Una situación de alto riesgo se vivió en las pasarelas de la Garganta del Diablo, dentro del Parque Nacional Iguazú, cuando un adulto levantó a un bebé por encima de la baranda de seguridad, a escasos metros de las caídas de agua.
El hecho ocurrió durante la tarde del martes y fue captado por un visitante que compartió la imagen. En la fotografía se observa al hombre sosteniendo al niño en el aire, mientras otra persona tomaba una imagen del momento. La escena generó nerviosismo y preocupación entre quienes transitaban el circuito.

Si bien las pasarelas del parque cuentan con estructuras diseñadas bajo estrictas normas de seguridad, están pensadas para la circulación habitual de los visitantes y no para realizar maniobras que alteren la estabilidad corporal.
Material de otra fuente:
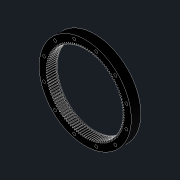
# Autodesk Inventor part: unit-ring_gear
Saved by Autodesk Inventor 2022 (Build 260153000, 153)
## iProperties
Created: 2021-07-12
Part Number: unit-ring_gear
Material: ABS プラスチック
Document SubType Name: Modeling
Designer: yuta0
Density: 1.06 g/cm^3
Appearance: 滑らか - 黒
Mass: 40.8022 g
Surface Area: 244.347 cm^2
Volume: 38.4926 cm^3
購入先: 印刷
在庫数: 0.0
Author: yuta0
Autodesk Inventor part; units mm, degrees
ref_plane "YZ Plane" through (0, 0, 0) normal (1, 0, 0) x (0, 1, 0)
ref_plane "XZ Plane" through (0, 0, 0) normal (0, 1, 0) x (-1, 0, 0)
ref_plane "XY Plane" through (0, 0, 0) normal (0, 0, 1) x (1, 0, 0)
sketch "スケッチ1" plane through (0, 0, 0) normal (0, 0, 1) x (1, 0, 0)
  circle A0 centre (0, 0) radius 67.5
  arc A1 (3.6193, -57.2712) -> (4.2488, -54.9715) centre (-9.8202, -52.3566) ccw
  arc A2 (2.8158, -57.3163) -> (3.6193, -57.2712) centre (0, 0) ccw
  arc A3 (1.9328, -55.1015) -> (2.8158, -57.3163) centre (15.6206, -50.9279) ccw
  arc A4 (1.1598, -55.1232) -> (1.9328, -55.1015) centre (0, 0) ccw
  arc A5 (0.4024, -57.384) -> (1.1598, -55.1232) centre (-12.7405, -51.7236) ccw
  arc A6 (-0.4024, -57.384) -> (0.4024, -57.384) centre (0, 0) ccw
  arc A7 (-1.1598, -55.1232) -> (-0.4024, -57.384) centre (12.7405, -51.7236) ccw
  arc A8 (-1.9328, -55.1015) -> (-1.1598, -55.1232) centre (0, 0) ccw
  arc A9 (-2.8158, -57.3163) -> (-1.9328, -55.1015) centre (-15.6206, -50.9279) ccw
  arc A10 (-3.6193, -57.2712) -> (-2.8158, -57.3163) centre (0, 0) ccw
  arc A11 (-4.2488, -54.9715) -> (-3.6193, -57.2712) centre (9.8202, -52.3566) ccw
  arc A12 (-5.0193, -54.9065) -> (-4.2488, -54.9715) centre (0, 0) ccw
  arc A13 (-6.0251, -57.0682) -> (-5.0193, -54.9065) centre (-18.4516, -49.9719) ccw
  arc A14 (-6.8249, -56.9781) -> (-6.0251, -57.0682) centre (0, 0) ccw
  arc A15 (-7.3244, -54.6468) -> (-6.8249, -56.9781) centre (6.8691, -52.8248) ccw
  arc A16 (-8.09, -54.5387) -> (-7.3244, -54.6468) centre (0, 0) ccw
  arc A17 (-9.2155, -56.6406) -> (-8.09, -54.5387) centre (-21.2245, -48.8587) ccw
  arc A18 (-10.0089, -56.5058) -> (-9.2155, -56.6406) centre (0, 0) ccw
  arc A19 (-10.3769, -54.1501) -> (-10.0089, -56.5058) centre (3.8964, -53.1269) ccw
  arc A20 (-11.1353, -53.9992) -> (-10.3769, -54.1501) centre (0, 0) ccw
  arc A21 (-12.3768, -56.0348) -> (-11.1353, -53.9992) centre (-23.9306, -47.5918) ccw
  arc A22 (-13.1615, -55.8557) -> (-12.3768, -56.0348) centre (0, 0) ccw
  arc A23 (-13.3968, -53.4831) -> (-13.1615, -55.8557) centre (0.9114, -53.2618) ccw
  arc A24 (-14.1456, -53.2899) -> (-13.3968, -53.4831) centre (0, 0) ccw
  arc A25 (-15.4992, -55.2527) -> (-14.1456, -53.2899) centre (-26.5615, -46.1751) ccw
  arc A26 (-16.2726, -55.0299) -> (-15.4992, -55.2527) centre (0, 0) ccw
  arc A27 (-16.3746, -52.6478) -> (-16.2726, -55.0299) centre (-2.0764, -53.2291) ccw
  arc A28 (-17.1113, -52.4129) -> (-16.3746, -52.6478) centre (0, 0) ccw
  arc A29 (-18.5729, -54.2967) -> (-17.1113, -52.4129) centre (-29.1087, -44.6131) ccw
  arc A30 (-19.3326, -54.0309) -> (-18.5729, -54.2967) centre (0, 0) ccw
  arc A31 (-19.3008, -51.6468) -> (-19.3326, -54.0309) centre (-5.0577, -53.0289) ccw
  arc A32 (-20.0232, -51.3711) -> (-19.3008, -51.6468) centre (0, 0) ccw
  arc A33 (-21.5881, -53.1699) -> (-20.0232, -51.3711) centre (-31.5644, -42.9108) ccw
  arc A34 (-22.3317, -52.8619) -> (-21.5881, -53.1699) centre (0, 0) ccw
  arc A35 (-22.1663, -50.4834) -> (-22.3317, -52.8619) centre (-8.0231, -52.6619) ccw
  arc A36 (-22.8721, -50.1675) -> (-22.1663, -50.4834) centre (0, 0) ccw
  arc A37 (-24.5354, -51.8758) -> (-22.8721, -50.1675) centre (-33.9208, -41.0735) ccw
  arc A38 (-25.2605, -51.5266) -> (-24.5354, -51.8758) centre (0, 0) ccw
  arc A39 (-24.962, -49.1611) -> (-25.2605, -51.5266) centre (-10.9633, -52.1292) ccw
  arc A40 (-25.649, -48.8062) -> (-24.962, -49.1611) centre (0, 0) ccw
  arc A41 (-27.4055, -50.4185) -> (-25.649, -48.8062) centre (-36.1704, -39.1069) ccw
  arc A42 (-28.1099, -50.0292) -> (-27.4055, -50.4185) centre (0, 0) ccw
  arc A43 (-27.6792, -47.6841) -> (-28.1099, -50.0292) centre (-13.8689, -51.4325) ccw
  arc A44 (-28.3453, -47.2912) -> (-27.6792, -47.6841) centre (0, 0) ccw
  arc A45 (-30.1894, -48.8025) -> (-28.3453, -47.2912) centre (-38.3063, -37.0173) ccw
  arc A46 (-30.8709, -48.3743) -> (-30.1894, -48.8025) centre (0, 0) ccw
  arc A47 (-30.3094, -46.0571) -> (-30.8709, -48.3743) centre (-16.731, -50.574) ccw
  arc A48 (-30.9523, -45.6275) -> (-30.3094, -46.0571) centre (0, 0) ccw
  arc A49 (-32.8783, -47.033) -> (-30.9523, -45.6275) centre (-40.3216, -34.8112) ccw
  arc A50 (-33.5347, -46.5673) -> (-32.8783, -47.033) centre (0, 0) ccw
  arc A51 (-32.8441, -44.2852) -> (-33.5347, -46.5673) centre (-19.5403, -49.5563) ccw
  arc A52 (-33.462, -43.8202) -> (-32.8441, -44.2852) centre (0, 0) ccw
  arc A53 (-35.4637, -45.1155) -> (-33.462, -43.8202) centre (-42.21, -32.4956) ccw
  arc A54 (-36.093, -44.6137) -> (-35.4637, -45.1155) centre (0, 0) ccw
  arc A55 (-35.2755, -42.3739) -> (-36.093, -44.6137) centre (-22.2882, -48.3827) ccw
  arc A56 (-35.8664, -41.875) -> (-35.2755, -42.3739) centre (0, 0) ccw
  arc A57 (-37.9376, -43.0561) -> (-35.8664, -41.875) centre (-43.9657, -30.0777) ccw
  arc A58 (-38.5377, -42.5198) -> (-37.9376, -43.0561) centre (0, 0) ccw
  arc A59 (-37.596, -40.3293) -> (-38.5377, -42.5198) centre (-24.966, -47.0569) ccw
  arc A60 (-38.1579, -39.7981) -> (-37.596, -40.3293) centre (0, 0) ccw
  arc A61 (-40.2921, -40.8612) -> (-38.1579, -39.7981) centre (-45.583, -27.5652) ccw
  arc A62 (-40.8612, -40.2921) -> (-40.2921, -40.8612) centre (0, 0) ccw
  arc A63 (-39.7981, -38.1579) -> (-40.8612, -40.2921) centre (-27.5652, -45.583) ccw
  arc A64 (-40.3293, -37.596) -> (-39.7981, -38.1579) centre (0, 0) ccw
  arc A65 (-42.5198, -38.5377) -> (-40.3293, -37.596) centre (-47.0569, -24.966) ccw
  arc A66 (-43.0561, -37.9376) -> (-42.5198, -38.5377) centre (0, 0) ccw
  arc A67 (-41.875, -35.8664) -> (-43.0561, -37.9376) centre (-30.0777, -43.9657) ccw
  arc A68 (-42.3739, -35.2755) -> (-41.875, -35.8664) centre (0, 0) ccw
  arc A69 (-44.6137, -36.093) -> (-42.3739, -35.2755) centre (-48.3827, -22.2882) ccw
  arc A70 (-45.1155, -35.4637) -> (-44.6137, -36.093) centre (0, 0) ccw
  arc A71 (-43.8202, -33.462) -> (-45.1155, -35.4637) centre (-32.4956, -42.21) ccw
  arc A72 (-44.2852, -32.8441) -> (-43.8202, -33.462) centre (0, 0) ccw
  arc A73 (-46.5673, -33.5347) -> (-44.2852, -32.8441) centre (-49.5563, -19.5403) ccw
  arc A74 (-47.033, -32.8783) -> (-46.5673, -33.5347) centre (0, 0) ccw
  arc A75 (-45.6275, -30.9523) -> (-47.033, -32.8783) centre (-34.8112, -40.3216) ccw
  arc A76 (-46.0571, -30.3094) -> (-45.6275, -30.9523) centre (0, 0) ccw
  arc A77 (-48.3743, -30.8709) -> (-46.0571, -30.3094) centre (-50.574, -16.731) ccw
  arc A78 (-48.8025, -30.1894) -> (-48.3743, -30.8709) centre (0, 0) ccw
  arc A79 (-47.2912, -28.3453) -> (-48.8025, -30.1894) centre (-37.0173, -38.3063) ccw
  arc A80 (-47.6841, -27.6792) -> (-47.2912, -28.3453) centre (0, 0) ccw
  arc A81 (-50.0292, -28.1099) -> (-47.6841, -27.6792) centre (-51.4325, -13.8689) ccw
  arc A82 (-50.4185, -27.4055) -> (-50.0292, -28.1099) centre (0, 0) ccw
  arc A83 (-48.8062, -25.649) -> (-50.4185, -27.4055) centre (-39.1069, -36.1704) ccw
  arc A84 (-49.1611, -24.962) -> (-48.8062, -25.649) centre (0, 0) ccw
  arc A85 (-51.5266, -25.2605) -> (-49.1611, -24.962) centre (-52.1292, -10.9633) ccw
  arc A86 (-51.8758, -24.5354) -> (-51.5266, -25.2605) centre (0, 0) ccw
  arc A87 (-50.1675, -22.8721) -> (-51.8758, -24.5354) centre (-41.0735, -33.9208) ccw
  arc A88 (-50.4834, -22.1663) -> (-50.1675, -22.8721) centre (0, 0) ccw
  arc A89 (-52.8619, -22.3317) -> (-50.4834, -22.1663) centre (-52.6619, -8.0231) ccw
  arc A90 (-53.1699, -21.5881) -> (-52.8619, -22.3317) centre (0, 0) ccw
  arc A91 (-51.3711, -20.0232) -> (-53.1699, -21.5881) centre (-42.9108, -31.5644) ccw
  arc A92 (-51.6468, -19.3008) -> (-51.3711, -20.0232) centre (0, 0) ccw
  arc A93 (-54.0309, -19.3326) -> (-51.6468, -19.3008) centre (-53.0289, -5.0577) ccw
  arc A94 (-54.2967, -18.5729) -> (-54.0309, -19.3326) centre (0, 0) ccw
  arc A95 (-52.4129, -17.1113) -> (-54.2967, -18.5729) centre (-44.6131, -29.1087) ccw
  arc A96 (-52.6478, -16.3746) -> (-52.4129, -17.1113) centre (0, 0) ccw
  arc A97 (-55.0299, -16.2726) -> (-52.6478, -16.3746) centre (-53.2291, -2.0764) ccw
  arc A98 (-55.2527, -15.4992) -> (-55.0299, -16.2726) centre (0, 0) ccw
  arc A99 (-53.2899, -14.1456) -> (-55.2527, -15.4992) centre (-46.1751, -26.5615) ccw
  arc A100 (-53.4831, -13.3968) -> (-53.2899, -14.1456) centre (0, 0) ccw
  arc A101 (-55.8557, -13.1615) -> (-53.4831, -13.3968) centre (-53.2618, 0.9114) ccw
  arc A102 (-56.0348, -12.3768) -> (-55.8557, -13.1615) centre (0, 0) ccw
  arc A103 (-53.9992, -11.1353) -> (-56.0348, -12.3768) centre (-47.5918, -23.9306) ccw
  arc A104 (-54.1501, -10.3769) -> (-53.9992, -11.1353) centre (0, 0) ccw
  arc A105 (-56.5058, -10.0089) -> (-54.1501, -10.3769) centre (-53.1269, 3.8964) ccw
  arc A106 (-56.6406, -9.2155) -> (-56.5058, -10.0089) centre (0, 0) ccw
  arc A107 (-54.5387, -8.09) -> (-56.6406, -9.2155) centre (-48.8587, -21.2245) ccw
  arc A108 (-54.6468, -7.3244) -> (-54.5387, -8.09) centre (0, 0) ccw
  arc A109 (-56.9781, -6.8249) -> (-54.6468, -7.3244) centre (-52.8248, 6.8691) ccw
  arc A110 (-57.0682, -6.0251) -> (-56.9781, -6.8249) centre (0, 0) ccw
  arc A111 (-54.9065, -5.0193) -> (-57.0682, -6.0251) centre (-49.9719, -18.4516) ccw
  arc A112 (-54.9715, -4.2488) -> (-54.9065, -5.0193) centre (0, 0) ccw
  arc A113 (-57.2712, -3.6193) -> (-54.9715, -4.2488) centre (-52.3566, 9.8202) ccw
  arc A114 (-57.3163, -2.8158) -> (-57.2712, -3.6193) centre (0, 0) ccw
  arc A115 (-55.1015, -1.9328) -> (-57.3163, -2.8158) centre (-50.9279, -15.6206) ccw
  arc A116 (-55.1232, -1.1598) -> (-55.1015, -1.9328) centre (0, 0) ccw
  arc A117 (-57.384, -0.4024) -> (-55.1232, -1.1598) centre (-51.7236, 12.7405) ccw
  arc A118 (-57.384, 0.4024) -> (-57.384, -0.4024) centre (0, 0) ccw
  arc A119 (-55.1232, 1.1598) -> (-57.384, 0.4024) centre (-51.7236, -12.7405) ccw
  arc A120 (-55.1015, 1.9328) -> (-55.1232, 1.1598) centre (0, 0) ccw
  arc A121 (-57.3163, 2.8158) -> (-55.1015, 1.9328) centre (-50.9279, 15.6206) ccw
  arc A122 (-57.2712, 3.6193) -> (-57.3163, 2.8158) centre (0, 0) ccw
  arc A123 (-54.9715, 4.2488) -> (-57.2712, 3.6193) centre (-52.3566, -9.8202) ccw
  arc A124 (-54.9065, 5.0193) -> (-54.9715, 4.2488) centre (0, 0) ccw
  arc A125 (-57.0682, 6.0251) -> (-54.9065, 5.0193) centre (-49.9719, 18.4516) ccw
  arc A126 (-56.9781, 6.8249) -> (-57.0682, 6.0251) centre (0, 0) ccw
  arc A127 (-54.6468, 7.3244) -> (-56.9781, 6.8249) centre (-52.8248, -6.8691) ccw
  arc A128 (-54.5387, 8.09) -> (-54.6468, 7.3244) centre (0, 0) ccw
  arc A129 (-56.6406, 9.2155) -> (-54.5387, 8.09) centre (-48.8587, 21.2245) ccw
  arc A130 (-56.5058, 10.0089) -> (-56.6406, 9.2155) centre (0, 0) ccw
  arc A131 (-54.1501, 10.3769) -> (-56.5058, 10.0089) centre (-53.1269, -3.8964) ccw
  arc A132 (-53.9992, 11.1353) -> (-54.1501, 10.3769) centre (0, 0) ccw
  arc A133 (-56.0348, 12.3768) -> (-53.9992, 11.1353) centre (-47.5918, 23.9306) ccw
  arc A134 (-55.8557, 13.1615) -> (-56.0348, 12.3768) centre (0, 0) ccw
  arc A135 (-53.4831, 13.3968) -> (-55.8557, 13.1615) centre (-53.2618, -0.9114) ccw
  arc A136 (-53.2899, 14.1456) -> (-53.4831, 13.3968) centre (0, 0) ccw
  arc A137 (-55.2527, 15.4992) -> (-53.2899, 14.1456) centre (-46.1751, 26.5615) ccw
  arc A138 (-55.0299, 16.2726) -> (-55.2527, 15.4992) centre (0, 0) ccw
  arc A139 (-52.6478, 16.3746) -> (-55.0299, 16.2726) centre (-53.2291, 2.0764) ccw
  arc A140 (-52.4129, 17.1113) -> (-52.6478, 16.3746) centre (0, 0) ccw
  arc A141 (-54.2967, 18.5729) -> (-52.4129, 17.1113) centre (-44.6131, 29.1087) ccw
  arc A142 (-54.0309, 19.3326) -> (-54.2967, 18.5729) centre (0, 0) ccw
  arc A143 (-51.6468, 19.3008) -> (-54.0309, 19.3326) centre (-53.0289, 5.0577) ccw
  arc A144 (-51.3711, 20.0232) -> (-51.6468, 19.3008) centre (0, 0) ccw
  arc A145 (-53.1699, 21.5881) -> (-51.3711, 20.0232) centre (-42.9108, 31.5644) ccw
  arc A146 (-52.8619, 22.3317) -> (-53.1699, 21.5881) centre (0, 0) ccw
  arc A147 (-50.4834, 22.1663) -> (-52.8619, 22.3317) centre (-52.6619, 8.0231) ccw
  arc A148 (-50.1675, 22.8721) -> (-50.4834, 22.1663) centre (0, 0) ccw
  arc A149 (-51.8758, 24.5354) -> (-50.1675, 22.8721) centre (-41.0735, 33.9208) ccw
  arc A150 (-51.5266, 25.2605) -> (-51.8758, 24.5354) centre (0, 0) ccw
  arc A151 (-49.1611, 24.962) -> (-51.5266, 25.2605) centre (-52.1292, 10.9633) ccw
  arc A152 (-48.8062, 25.649) -> (-49.1611, 24.962) centre (0, 0) ccw
  arc A153 (-50.4185, 27.4055) -> (-48.8062, 25.649) centre (-39.1069, 36.1704) ccw
  arc A154 (-50.0292, 28.1099) -> (-50.4185, 27.4055) centre (0, 0) ccw
  arc A155 (-47.6841, 27.6792) -> (-50.0292, 28.1099) centre (-51.4325, 13.8689) ccw
  arc A156 (-47.2912, 28.3453) -> (-47.6841, 27.6792) centre (0, 0) ccw
  arc A157 (-48.8025, 30.1894) -> (-47.2912, 28.3453) centre (-37.0173, 38.3063) ccw
  arc A158 (-48.3743, 30.8709) -> (-48.8025, 30.1894) centre (0, 0) ccw
  arc A159 (-46.0571, 30.3094) -> (-48.3743, 30.8709) centre (-50.574, 16.731) ccw
  arc A160 (-45.6275, 30.9523) -> (-46.0571, 30.3094) centre (0, 0) ccw
  arc A161 (-47.033, 32.8783) -> (-45.6275, 30.9523) centre (-34.8112, 40.3216) ccw
  arc A162 (-46.5673, 33.5347) -> (-47.033, 32.8783) centre (0, 0) ccw
  arc A163 (-44.2852, 32.8441) -> (-46.5673, 33.5347) centre (-49.5563, 19.5403) ccw
  arc A164 (-43.8202, 33.462) -> (-44.2852, 32.8441) centre (0, 0) ccw
  arc A165 (-45.1155, 35.4637) -> (-43.8202, 33.462) centre (-32.4956, 42.21) ccw
  arc A166 (-44.6137, 36.093) -> (-45.1155, 35.4637) centre (0, 0) ccw
  arc A167 (-42.3739, 35.2755) -> (-44.6137, 36.093) centre (-48.3827, 22.2882) ccw
  arc A168 (-41.875, 35.8664) -> (-42.3739, 35.2755) centre (0, 0) ccw
  arc A169 (-43.0561, 37.9376) -> (-41.875, 35.8664) centre (-30.0777, 43.9657) ccw
  arc A170 (-42.5198, 38.5377) -> (-43.0561, 37.9376) centre (0, 0) ccw
  arc A171 (-40.3293, 37.596) -> (-42.5198, 38.5377) centre (-47.0569, 24.966) ccw
  arc A172 (-39.7981, 38.1579) -> (-40.3293, 37.596) centre (0, 0) ccw
  arc A173 (-40.8612, 40.2921) -> (-39.7981, 38.1579) centre (-27.5652, 45.583) ccw
  arc A174 (-40.2921, 40.8612) -> (-40.8612, 40.2921) centre (0, 0) ccw
  arc A175 (-38.1579, 39.7981) -> (-40.2921, 40.8612) centre (-45.583, 27.5652) ccw
  arc A176 (-37.596, 40.3293) -> (-38.1579, 39.7981) centre (0, 0) ccw
  arc A177 (-38.5377, 42.5198) -> (-37.596, 40.3293) centre (-24.966, 47.0569) ccw
  arc A178 (-37.9376, 43.0561) -> (-38.5377, 42.5198) centre (0, 0) ccw
  arc A179 (-35.8664, 41.875) -> (-37.9376, 43.0561) centre (-43.9657, 30.0777) ccw
  arc A180 (-35.2755, 42.3739) -> (-35.8664, 41.875) centre (0, 0) ccw
  arc A181 (-36.093, 44.6137) -> (-35.2755, 42.3739) centre (-22.2882, 48.3827) ccw
  arc A182 (-35.4637, 45.1155) -> (-36.093, 44.6137) centre (0, 0) ccw
  arc A183 (-33.462, 43.8202) -> (-35.4637, 45.1155) centre (-42.21, 32.4956) ccw
  arc A184 (-32.8441, 44.2852) -> (-33.462, 43.8202) centre (0, 0) ccw
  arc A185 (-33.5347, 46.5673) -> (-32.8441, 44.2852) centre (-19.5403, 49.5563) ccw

En el sector de la Garganta del Diablo confluyen varios factores que incrementan el peligro: el constante rocío que humedece las superficies metálicas y las vuelve resbaladizas, las ráfagas de viento ascendentes propias del salto y la gran afluencia de público que transita por los miradores.
Desde el ámbito de Parques Nacionales se recuerda de manera permanente que los menores deben circular sujetos de la mano o en cochecitos, y que está prohibido trepar o sobrepasar las barandas de protección. Las normas buscan preservar la integridad de los visitantes en uno de los entornos naturales más imponentes del país.
La escena reavivó el debate sobre los límites en la búsqueda de imágenes impactantes para redes sociales y la necesidad de priorizar siempre la seguridad, especialmente cuando se trata de niños.